3.15 Numpy

Numpy is a Python library used for manipulating arrays and performing mathematical operations on matrices. For concision, we will import the numpy module with the name np, as such:

import numpy as np

3.15.1 Reading in data

The function np.loadtxt() is used to read in text data. The most basic way to run np.loadtxt() is:

np.loadtxt(<fname>)

Consider a hypothetical comma-delimited file numbers.csv. The most basic way of reading it in is to run np.loadtxt('numbers.csv'). However, when we read in data, we typically want to store it in memory for further manipulation, so we usually use np.loadtxt() in conjunction with variable assignment:

myNumbers = np.loadtxt('numbers.csv')

However, with a comma-delimited file as input this is likely to cause an error - Python has no way of knowing that elements in your file are separated by a space and will throw an error because something like “1,2,3” cannot be interpreted as a single numeric value. To tell Python that our data is comma-delimited, we can use the optional argument, delimiter:

myNumbers = np.loadtxt('numbers.csv', delimiter=',')

Now, each number is encoded as its own element:

array([1, 2, 3])

Notice that unlike the file name, we need to specify the name of this optional argument (delimiter=). Because the file name argument is mandatory, numpy always expects the first argument to be the filename. However, since there are many possible optional arguments that once can use, it is impossible to infer which optional argument is being referred to by position alone. For optional arguments, we always need to specify their name.

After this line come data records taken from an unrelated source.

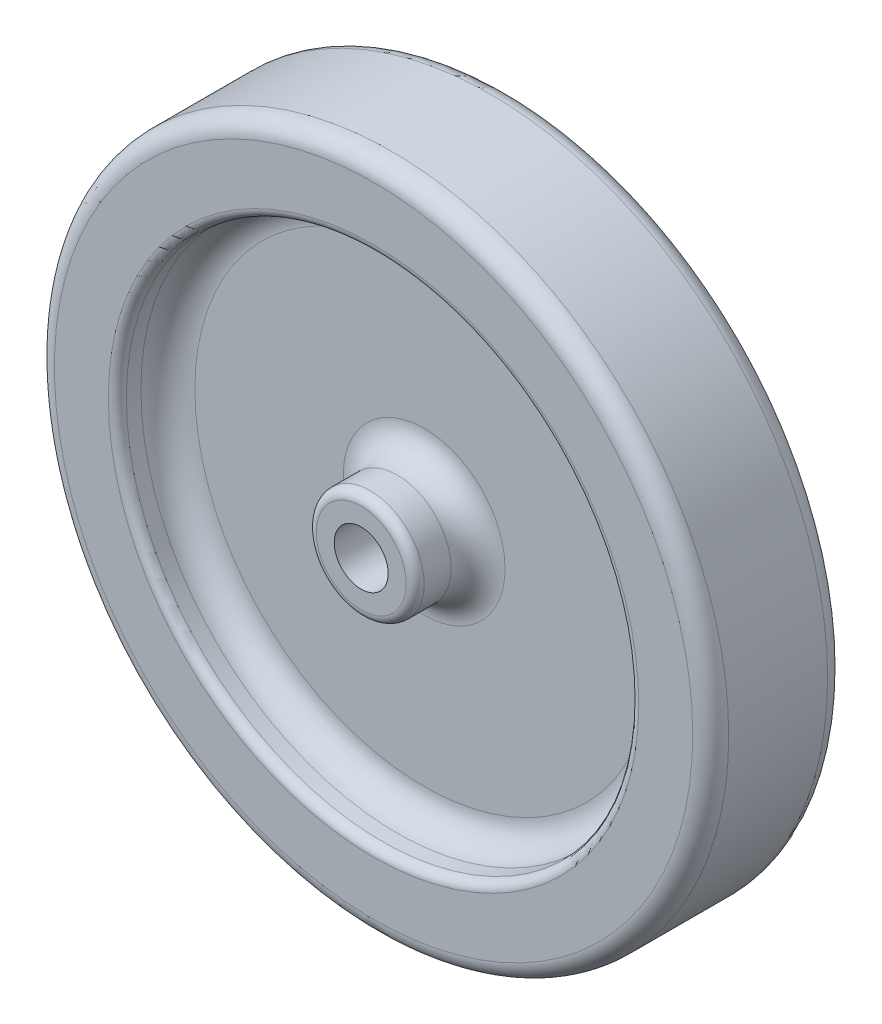
ISO-10303-21;
HEADER;
FILE_DESCRIPTION(('STEP AP214'),'2;1');
FILE_NAME('part.step','',(''),(''),'','','');
FILE_SCHEMA(('AUTOMOTIVE_DESIGN { 1 0 10303 214 1 1 1 1 }'));
ENDSEC;
DATA;
#1=APPLICATION_CONTEXT('core data for automotive mechanical design processes');
#2=APPLICATION_PROTOCOL_DEFINITION('international standard','automotive_design',2000,#1);
#3=PRODUCT_CONTEXT('',#1,'mechanical');
#4=PRODUCT('Part','Part','',(#3));
#5=PRODUCT_RELATED_PRODUCT_CATEGORY('part','',(#4));
#6=PRODUCT_DEFINITION_FORMATION('','',#4);
#7=PRODUCT_DEFINITION_CONTEXT('part definition',#1,'design');
#8=PRODUCT_DEFINITION('design','',#6,#7);
#9=PRODUCT_DEFINITION_SHAPE('','',#8);
#10=(LENGTH_UNIT() NAMED_UNIT(*) SI_UNIT(.MILLI.,.METRE.));
#11=(NAMED_UNIT(*) PLANE_ANGLE_UNIT() SI_UNIT($,.RADIAN.));
#12=(NAMED_UNIT(*) SI_UNIT($,.STERADIAN.) SOLID_ANGLE_UNIT());
#13=UNCERTAINTY_MEASURE_WITH_UNIT(LENGTH_MEASURE(1.E-05),#10,'distance_accuracy_value','');
#14=(GEOMETRIC_REPRESENTATION_CONTEXT(3) GLOBAL_UNCERTAINTY_ASSIGNED_CONTEXT((#13)) GLOBAL_UNIT_ASSIGNED_CONTEXT((#10,
#11,#12)) REPRESENTATION_CONTEXT('',''));
#15=CARTESIAN_POINT('',(0.,0.,0.));
#16=DIRECTION('',(0.,0.,1.));
#17=DIRECTION('',(1.,0.,0.));
#18=AXIS2_PLACEMENT_3D('',#15,#16,#17);
#19=CARTESIAN_POINT('',(0.,0.,10.));
#20=DIRECTION('',(0.,0.,1.));
#21=DIRECTION('',(1.,0.,0.));
#22=AXIS2_PLACEMENT_3D('',#19,#20,#21);
#23=CYLINDRICAL_SURFACE('',#22,6.);
#24=CARTESIAN_POINT('',(0.,0.,17.75));
#25=DIRECTION('',(0.,0.,1.));
#26=DIRECTION('',(1.,0.,0.));
#27=AXIS2_PLACEMENT_3D('',#24,#25,#26);
#28=CIRCLE('',#27,6.);
#29=CARTESIAN_POINT('',(6.,0.,17.75));
#30=VERTEX_POINT('',#29);
#31=EDGE_CURVE('E86',#30,#30,#28,.T.);
#32=ORIENTED_EDGE('',*,*,#31,.T.);
#33=EDGE_LOOP('',(#32));
#34=FACE_BOUND('',#33,.T.);
#35=CARTESIAN_POINT('',(0.,0.,-17.75));
#36=DIRECTION('',(0.,0.,1.));
#37=DIRECTION('',(1.,0.,0.));
#38=AXIS2_PLACEMENT_3D('',#35,#36,#37);
#39=CIRCLE('',#38,6.);
#40=CARTESIAN_POINT('',(6.,0.,-17.75));
#41=VERTEX_POINT('',#40);
#42=EDGE_CURVE('E83',#41,#41,#39,.T.);
#43=ORIENTED_EDGE('',*,*,#42,.F.);
#44=EDGE_LOOP('',(#43));
#45=FACE_BOUND('',#44,.T.);
#46=ADVANCED_FACE('F15',(#34,#45),#23,.F.);
#47=CARTESIAN_POINT('',(0.,-6.,17.75));
#48=DIRECTION('',(0.,0.,1.));
#49=DIRECTION('',(1.,0.,0.));
#50=AXIS2_PLACEMENT_3D('',#47,#48,#49);
#51=PLANE('',#50);
#52=CARTESIAN_POINT('',(0.,0.,17.75));
#53=DIRECTION('',(0.,0.,1.));
#54=DIRECTION('',(1.,0.,0.));
#55=AXIS2_PLACEMENT_3D('',#52,#53,#54);
#56=CIRCLE('',#55,10.0000003039249);
#57=CARTESIAN_POINT('',(10.0000003039249,0.,17.75));
#58=VERTEX_POINT('',#57);
#59=EDGE_CURVE('E80',#58,#58,#56,.T.);
#60=ORIENTED_EDGE('',*,*,#59,.T.);
#61=EDGE_LOOP('',(#60));
#62=FACE_BOUND('',#61,.T.);
#63=ORIENTED_EDGE('',*,*,#31,.F.);
#64=EDGE_LOOP('',(#63));
#65=FACE_BOUND('',#64,.T.);
#66=ADVANCED_FACE('F92',(#62,#65),#51,.T.);
#67=CARTESIAN_POINT('',(0.,-10.,-17.75));
#68=DIRECTION('',(0.,0.,-1.));
#69=DIRECTION('',(-1.,0.,0.));
#70=AXIS2_PLACEMENT_3D('',#67,#68,#69);
#71=PLANE('',#70);
#72=ORIENTED_EDGE('',*,*,#42,.T.);
#73=EDGE_LOOP('',(#72));
#74=FACE_BOUND('',#73,.T.);
#75=CARTESIAN_POINT('',(0.,0.,-17.75));
#76=DIRECTION('',(0.,0.,1.));
#77=DIRECTION('',(1.,0.,0.));
#78=AXIS2_PLACEMENT_3D('',#75,#76,#77);
#79=CIRCLE('',#78,10.0000003345299);
#80=CARTESIAN_POINT('',(10.0000003345299,0.,-17.75));
#81=VERTEX_POINT('',#80);
#82=EDGE_CURVE('E77',#81,#81,#79,.T.);
#83=ORIENTED_EDGE('',*,*,#82,.F.);
#84=EDGE_LOOP('',(#83));
#85=FACE_BOUND('',#84,.T.);
#86=ADVANCED_FACE('F94',(#74,#85),#71,.T.);
#87=CARTESIAN_POINT('',(0.,0.,15.7499999999997));
#88=DIRECTION('',(0.,0.,1.));
#89=DIRECTION('',(1.,0.,0.));
#90=AXIS2_PLACEMENT_3D('',#87,#88,#89);
#91=TOROIDAL_SURFACE('',#90,9.99999999999967,2.00000000000033);
#92=CARTESIAN_POINT('',(0.,0.,15.75));
#93=DIRECTION('',(0.,0.,1.));
#94=DIRECTION('',(1.,0.,0.));
#95=AXIS2_PLACEMENT_3D('',#92,#93,#94);
#96=CIRCLE('',#95,12.);
#97=CARTESIAN_POINT('',(12.,0.,15.75));
#98=VERTEX_POINT('',#97);
#99=EDGE_CURVE('E74',#98,#98,#96,.T.);
#100=ORIENTED_EDGE('',*,*,#99,.T.);
#101=EDGE_LOOP('',(#100));
#102=FACE_BOUND('',#101,.T.);
#103=ORIENTED_EDGE('',*,*,#59,.F.);
#104=EDGE_LOOP('',(#103));
#105=FACE_BOUND('',#104,.T.);
#106=ADVANCED_FACE('F102',(#102,#105),#91,.T.);
#107=CARTESIAN_POINT('',(0.,0.,-15.7499999999997));
#108=DIRECTION('',(0.,0.,1.));
#109=DIRECTION('',(1.,0.,0.));
#110=AXIS2_PLACEMENT_3D('',#107,#108,#109);
#111=TOROIDAL_SURFACE('',#110,9.99999999999967,2.00000000000033);
#112=ORIENTED_EDGE('',*,*,#82,.T.);
#113=EDGE_LOOP('',(#112));
#114=FACE_BOUND('',#113,.T.);
#115=CARTESIAN_POINT('',(0.,0.,-15.75));
#116=DIRECTION('',(0.,0.,1.));
#117=DIRECTION('',(1.,0.,0.));
#118=AXIS2_PLACEMENT_3D('',#115,#116,#117);
#119=CIRCLE('',#118,12.);
#120=CARTESIAN_POINT('',(12.,0.,-15.75));
#121=VERTEX_POINT('',#120);
#122=EDGE_CURVE('E71',#121,#121,#119,.T.);
#123=ORIENTED_EDGE('',*,*,#122,.F.);
#124=EDGE_LOOP('',(#123));
#125=FACE_BOUND('',#124,.T.);
#126=ADVANCED_FACE('F109',(#114,#125),#111,.T.);
#127=CARTESIAN_POINT('',(0.,0.,10.));
#128=DIRECTION('',(0.,0.,1.));
#129=DIRECTION('',(1.,0.,0.));
#130=AXIS2_PLACEMENT_3D('',#127,#128,#129);
#131=CYLINDRICAL_SURFACE('',#130,12.);
#132=CARTESIAN_POINT('',(0.,0.,9.75));
#133=DIRECTION('',(0.,0.,1.));
#134=DIRECTION('',(1.,0.,0.));
#135=AXIS2_PLACEMENT_3D('',#132,#133,#134);
#136=CIRCLE('',#135,12.);
#137=CARTESIAN_POINT('',(12.,0.,9.75));
#138=VERTEX_POINT('',#137);
#139=EDGE_CURVE('E68',#138,#138,#136,.T.);
#140=ORIENTED_EDGE('',*,*,#139,.T.);
#141=EDGE_LOOP('',(#140));
#142=FACE_BOUND('',#141,.T.);
#143=ORIENTED_EDGE('',*,*,#99,.F.);
#144=EDGE_LOOP('',(#143));
#145=FACE_BOUND('',#144,.T.);
#146=ADVANCED_FACE('F113',(#142,#145),#131,.T.);
#147=CARTESIAN_POINT('',(0.,0.,10.));
#148=DIRECTION('',(0.,0.,1.));
#149=DIRECTION('',(1.,0.,0.));
#150=AXIS2_PLACEMENT_3D('',#147,#148,#149);
#151=CYLINDRICAL_SURFACE('',#150,12.);
#152=ORIENTED_EDGE('',*,*,#122,.T.);
#153=EDGE_LOOP('',(#152));
#154=FACE_BOUND('',#153,.T.);
#155=CARTESIAN_POINT('',(0.,0.,-9.75));
#156=DIRECTION('',(0.,0.,1.));
#157=DIRECTION('',(1.,0.,0.));
#158=AXIS2_PLACEMENT_3D('',#155,#156,#157);
#159=CIRCLE('',#158,12.);
#160=CARTESIAN_POINT('',(12.,0.,-9.75));
#161=VERTEX_POINT('',#160);
#162=EDGE_CURVE('E65',#161,#161,#159,.T.);
#163=ORIENTED_EDGE('',*,*,#162,.F.);
#164=EDGE_LOOP('',(#163));
#165=FACE_BOUND('',#164,.T.);
#166=ADVANCED_FACE('F117',(#154,#165),#151,.T.);
#167=CARTESIAN_POINT('',(0.,0.,9.75000000000046));
#168=DIRECTION('',(0.,0.,1.));
#169=DIRECTION('',(1.,0.,0.));
#170=AXIS2_PLACEMENT_3D('',#167,#168,#169);
#171=TOROIDAL_SURFACE('',#170,18.0000000000005,6.00000000000046);
#172=ORIENTED_EDGE('',*,*,#139,.F.);
#173=EDGE_LOOP('',(#172));
#174=FACE_BOUND('',#173,.T.);
#175=CARTESIAN_POINT('',(0.,0.,3.75));
#176=DIRECTION('',(0.,0.,1.));
#177=DIRECTION('',(1.,0.,0.));
#178=AXIS2_PLACEMENT_3D('',#175,#176,#177);
#179=CIRCLE('',#178,18.0000000000005);
#180=CARTESIAN_POINT('',(18.0000000000005,0.,3.75));
#181=VERTEX_POINT('',#180);
#182=EDGE_CURVE('E62',#181,#181,#179,.T.);
#183=ORIENTED_EDGE('',*,*,#182,.T.);
#184=EDGE_LOOP('',(#183));
#185=FACE_BOUND('',#184,.T.);
#186=ADVANCED_FACE('F121',(#174,#185),#171,.F.);
#187=CARTESIAN_POINT('',(0.,0.,-9.75000000000046));
#188=DIRECTION('',(0.,0.,1.));
#189=DIRECTION('',(1.,0.,0.));
#190=AXIS2_PLACEMENT_3D('',#187,#188,#189);
#191=TOROIDAL_SURFACE('',#190,18.0000000000005,6.00000000000046);
#192=CARTESIAN_POINT('',(0.,0.,-3.75));
#193=DIRECTION('',(0.,0.,1.));
#194=DIRECTION('',(1.,0.,0.));
#195=AXIS2_PLACEMENT_3D('',#192,#193,#194);
#196=CIRCLE('',#195,18.0000000000005);
#197=CARTESIAN_POINT('',(18.0000000000005,0.,-3.75));
#198=VERTEX_POINT('',#197);
#199=EDGE_CURVE('E59',#198,#198,#196,.T.);
#200=ORIENTED_EDGE('',*,*,#199,.F.);
#201=EDGE_LOOP('',(#200));
#202=FACE_BOUND('',#201,.T.);
#203=ORIENTED_EDGE('',*,*,#162,.T.);
#204=EDGE_LOOP('',(#203));
#205=FACE_BOUND('',#204,.T.);
#206=ADVANCED_FACE('F125',(#202,#205),#191,.F.);
#207=CARTESIAN_POINT('',(0.,-18.,3.75));
#208=DIRECTION('',(0.,0.,1.));
#209=DIRECTION('',(1.,0.,0.));
#210=AXIS2_PLACEMENT_3D('',#207,#208,#209);
#211=PLANE('',#210);
#212=CARTESIAN_POINT('',(0.,0.,3.75));
#213=DIRECTION('',(0.,0.,1.));
#214=DIRECTION('',(1.,0.,0.));
#215=AXIS2_PLACEMENT_3D('',#212,#213,#214);
#216=CIRCLE('',#215,51.);
#217=CARTESIAN_POINT('',(51.,0.,3.75));
#218=VERTEX_POINT('',#217);
#219=EDGE_CURVE('E56',#218,#218,#216,.T.);
#220=ORIENTED_EDGE('',*,*,#219,.T.);
#221=EDGE_LOOP('',(#220));
#222=FACE_BOUND('',#221,.T.);
#223=ORIENTED_EDGE('',*,*,#182,.F.);
#224=EDGE_LOOP('',(#223));
#225=FACE_BOUND('',#224,.T.);
#226=ADVANCED_FACE('F129',(#222,#225),#211,.T.);
#227=CARTESIAN_POINT('',(0.,-51.,-3.75));
#228=DIRECTION('',(0.,0.,-1.));
#229=DIRECTION('',(-1.,0.,0.));
#230=AXIS2_PLACEMENT_3D('',#227,#228,#229);
#231=PLANE('',#230);
#232=ORIENTED_EDGE('',*,*,#199,.T.);
#233=EDGE_LOOP('',(#232));
#234=FACE_BOUND('',#233,.T.);
#235=CARTESIAN_POINT('',(0.,0.,-3.75));
#236=DIRECTION('',(0.,0.,1.));
#237=DIRECTION('',(1.,0.,0.));
#238=AXIS2_PLACEMENT_3D('',#235,#236,#237);
#239=CIRCLE('',#238,51.);
#240=CARTESIAN_POINT('',(51.,0.,-3.75));
#241=VERTEX_POINT('',#240);
#242=EDGE_CURVE('E53',#241,#241,#239,.T.);
#243=ORIENTED_EDGE('',*,*,#242,.F.);
#244=EDGE_LOOP('',(#243));
#245=FACE_BOUND('',#244,.T.);
#246=ADVANCED_FACE('F133',(#234,#245),#231,.T.);
#247=CARTESIAN_POINT('',(0.,0.,9.75000000000046));
#248=DIRECTION('',(0.,0.,1.));
#249=DIRECTION('',(1.,0.,0.));
#250=AXIS2_PLACEMENT_3D('',#247,#248,#249);
#251=TOROIDAL_SURFACE('',#250,51.,6.00000000000046);
#252=ORIENTED_EDGE('',*,*,#219,.F.);
#253=EDGE_LOOP('',(#252));
#254=FACE_BOUND('',#253,.T.);
#255=CARTESIAN_POINT('',(0.,0.,9.75));
#256=DIRECTION('',(0.,0.,1.));
#257=DIRECTION('',(1.,0.,0.));
#258=AXIS2_PLACEMENT_3D('',#255,#256,#257);
#259=CIRCLE('',#258,57.);
#260=CARTESIAN_POINT('',(57.,0.,9.75));
#261=VERTEX_POINT('',#260);
#262=EDGE_CURVE('E50',#261,#261,#259,.T.);
#263=ORIENTED_EDGE('',*,*,#262,.T.);
#264=EDGE_LOOP('',(#263));
#265=FACE_BOUND('',#264,.T.);
#266=ADVANCED_FACE('F137',(#254,#265),#251,.F.);
#267=CARTESIAN_POINT('',(0.,0.,-9.75000000000046));
#268=DIRECTION('',(0.,0.,1.));
#269=DIRECTION('',(1.,0.,0.));
#270=AXIS2_PLACEMENT_3D('',#267,#268,#269);
#271=TOROIDAL_SURFACE('',#270,51.,6.00000000000046);
#272=CARTESIAN_POINT('',(0.,0.,-9.75));
#273=DIRECTION('',(0.,0.,1.));
#274=DIRECTION('',(1.,0.,0.));
#275=AXIS2_PLACEMENT_3D('',#272,#273,#274);
#276=CIRCLE('',#275,57.);
#277=CARTESIAN_POINT('',(57.,0.,-9.75));
#278=VERTEX_POINT('',#277);
#279=EDGE_CURVE('E47',#278,#278,#276,.T.);
#280=ORIENTED_EDGE('',*,*,#279,.F.);
#281=EDGE_LOOP('',(#280));
#282=FACE_BOUND('',#281,.T.);
#283=ORIENTED_EDGE('',*,*,#242,.T.);
#284=EDGE_LOOP('',(#283));
#285=FACE_BOUND('',#284,.T.);
#286=ADVANCED_FACE('F141',(#282,#285),#271,.F.);
#287=CARTESIAN_POINT('',(0.,0.,10.));
#288=DIRECTION('',(0.,0.,1.));
#289=DIRECTION('',(1.,0.,0.));
#290=AXIS2_PLACEMENT_3D('',#287,#288,#289);
#291=CYLINDRICAL_SURFACE('',#290,57.);
#292=CARTESIAN_POINT('',(0.,0.,13.));
#293=DIRECTION('',(0.,0.,1.));
#294=DIRECTION('',(1.,0.,0.));
#295=AXIS2_PLACEMENT_3D('',#292,#293,#294);
#296=CIRCLE('',#295,57.);
#297=CARTESIAN_POINT('',(57.,0.,13.));
#298=VERTEX_POINT('',#297);
#299=EDGE_CURVE('E44',#298,#298,#296,.T.);
#300=ORIENTED_EDGE('',*,*,#299,.T.);
#301=EDGE_LOOP('',(#300));
#302=FACE_BOUND('',#301,.T.);
#303=ORIENTED_EDGE('',*,*,#262,.F.);
#304=EDGE_LOOP('',(#303));
#305=FACE_BOUND('',#304,.T.);
#306=ADVANCED_FACE('F145',(#302,#305),#291,.F.);
#307=CARTESIAN_POINT('',(0.,0.,10.));
#308=DIRECTION('',(0.,0.,1.));
#309=DIRECTION('',(1.,0.,0.));
#310=AXIS2_PLACEMENT_3D('',#307,#308,#309);
#311=CYLINDRICAL_SURFACE('',#310,57.);
#312=ORIENTED_EDGE('',*,*,#279,.T.);
#313=EDGE_LOOP('',(#312));
#314=FACE_BOUND('',#313,.T.);
#315=CARTESIAN_POINT('',(0.,0.,-13.));
#316=DIRECTION('',(0.,0.,1.));
#317=DIRECTION('',(1.,0.,0.));
#318=AXIS2_PLACEMENT_3D('',#315,#316,#317);
#319=CIRCLE('',#318,57.);
#320=CARTESIAN_POINT('',(57.,0.,-13.));
#321=VERTEX_POINT('',#320);
#322=EDGE_CURVE('E41',#321,#321,#319,.T.);
#323=ORIENTED_EDGE('',*,*,#322,.F.);
#324=EDGE_LOOP('',(#323));
#325=FACE_BOUND('',#324,.T.);
#326=ADVANCED_FACE('F149',(#314,#325),#311,.F.);
#327=CARTESIAN_POINT('',(0.,0.,12.9999999999997));
#328=DIRECTION('',(0.,0.,1.));
#329=DIRECTION('',(1.,0.,0.));
#330=AXIS2_PLACEMENT_3D('',#327,#328,#329);
#331=TOROIDAL_SURFACE('',#330,59.,2.00000000000032);
#332=CARTESIAN_POINT('',(0.,0.,15.));
#333=DIRECTION('',(0.,0.,1.));
#334=DIRECTION('',(1.,0.,0.));
#335=AXIS2_PLACEMENT_3D('',#332,#333,#334);
#336=CIRCLE('',#335,58.9999999578531);
#337=CARTESIAN_POINT('',(58.9999999578531,0.,15.));
#338=VERTEX_POINT('',#337);
#339=EDGE_CURVE('E38',#338,#338,#336,.T.);
#340=ORIENTED_EDGE('',*,*,#339,.T.);
#341=EDGE_LOOP('',(#340));
#342=FACE_BOUND('',#341,.T.);
#343=ORIENTED_EDGE('',*,*,#299,.F.);
#344=EDGE_LOOP('',(#343));
#345=FACE_BOUND('',#344,.T.);
#346=ADVANCED_FACE('F153',(#342,#345),#331,.T.);
#347=CARTESIAN_POINT('',(0.,0.,-12.9999999999997));
#348=DIRECTION('',(0.,0.,1.));
#349=DIRECTION('',(1.,0.,0.));
#350=AXIS2_PLACEMENT_3D('',#347,#348,#349);
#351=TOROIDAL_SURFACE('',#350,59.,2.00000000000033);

np.loadtxt() has many useful optional arguments - for example skiplines, which allows the user to skip the first n lines of a file. A full list of the optional arguments to np.loadtxt() can be found here

3.15.2 Indexing numpy arrays

Within a numpy array, we often want to look at a specific element or set of elements. To do this, we use indexing.

First, we can see the total size of an array by looking at the array’s shape attribute. An attribute is a property inherent to a specific data type; it is typically viewed with the following syntax: print(<variableName>.<attributeName>). We can therefore look at the shape of our array as such: print(myNumbers.shape). This returns the number of rows and columns, respectively: (45, 12) - 45 rows and 12 columns.

3.15.2.1 Accessing Single Values

To look within these rows and columns for specific values, we use indexing:

dataName[<rowNumber>, <columnNumber>]

For example, to print the value in the fifth row and third column of myNumbers, we would write:

print(myNumbers[4, 2])

Remember that in Python, we start counting at 0.

3.15.2.2 Accessing Multiple Values

To print multiple consecutive items, we can provide two numbers separated by a colon :.

print(myNumbers[2:4, 5:10])

Note that the first number is inclusive and the second number is exclusive: We will print the elements in rows 3 and 4 and not row 5. We will print the the elements in columns 6 through 10, and not in column 11.

3.15.3 Math in numpy

Consider the numpy array, which is saved with the name sequence:

[[1,2,3],
[4,5,6]]

3.15.4 Average, Standard Deviation, Maximum, Minimum

To take the average of this array, we use the function np.mean(). np.mean() has one required argument, which is the name of the object you want to take the mean of.

Running this function on sequence will return 3.5, which is indeed the average of all six elements:

np.mean(sequence)
3.5

Conveniently, we can also use this same function to calculate the averages across rows and columns, by invoking the optional axis argument. Setting axis equal to 0 will produce column means; setting axis to 1 will produce row means:

np.mean(sequence, axis=0)
array([2.5, 3.5, 4.5])

np.mean(sequence, axis=1)
array([2., 5.])

To compute the standard deviation, we use the np.std(). As with np.mean(), we can provide the axis argument to calculate the standard deviation along rows or columns.

We can get the maximum and minimum values of a numpy array using the np.max() and np.min() functions, respectively. These can also take the axis argument to operate along rows and columns.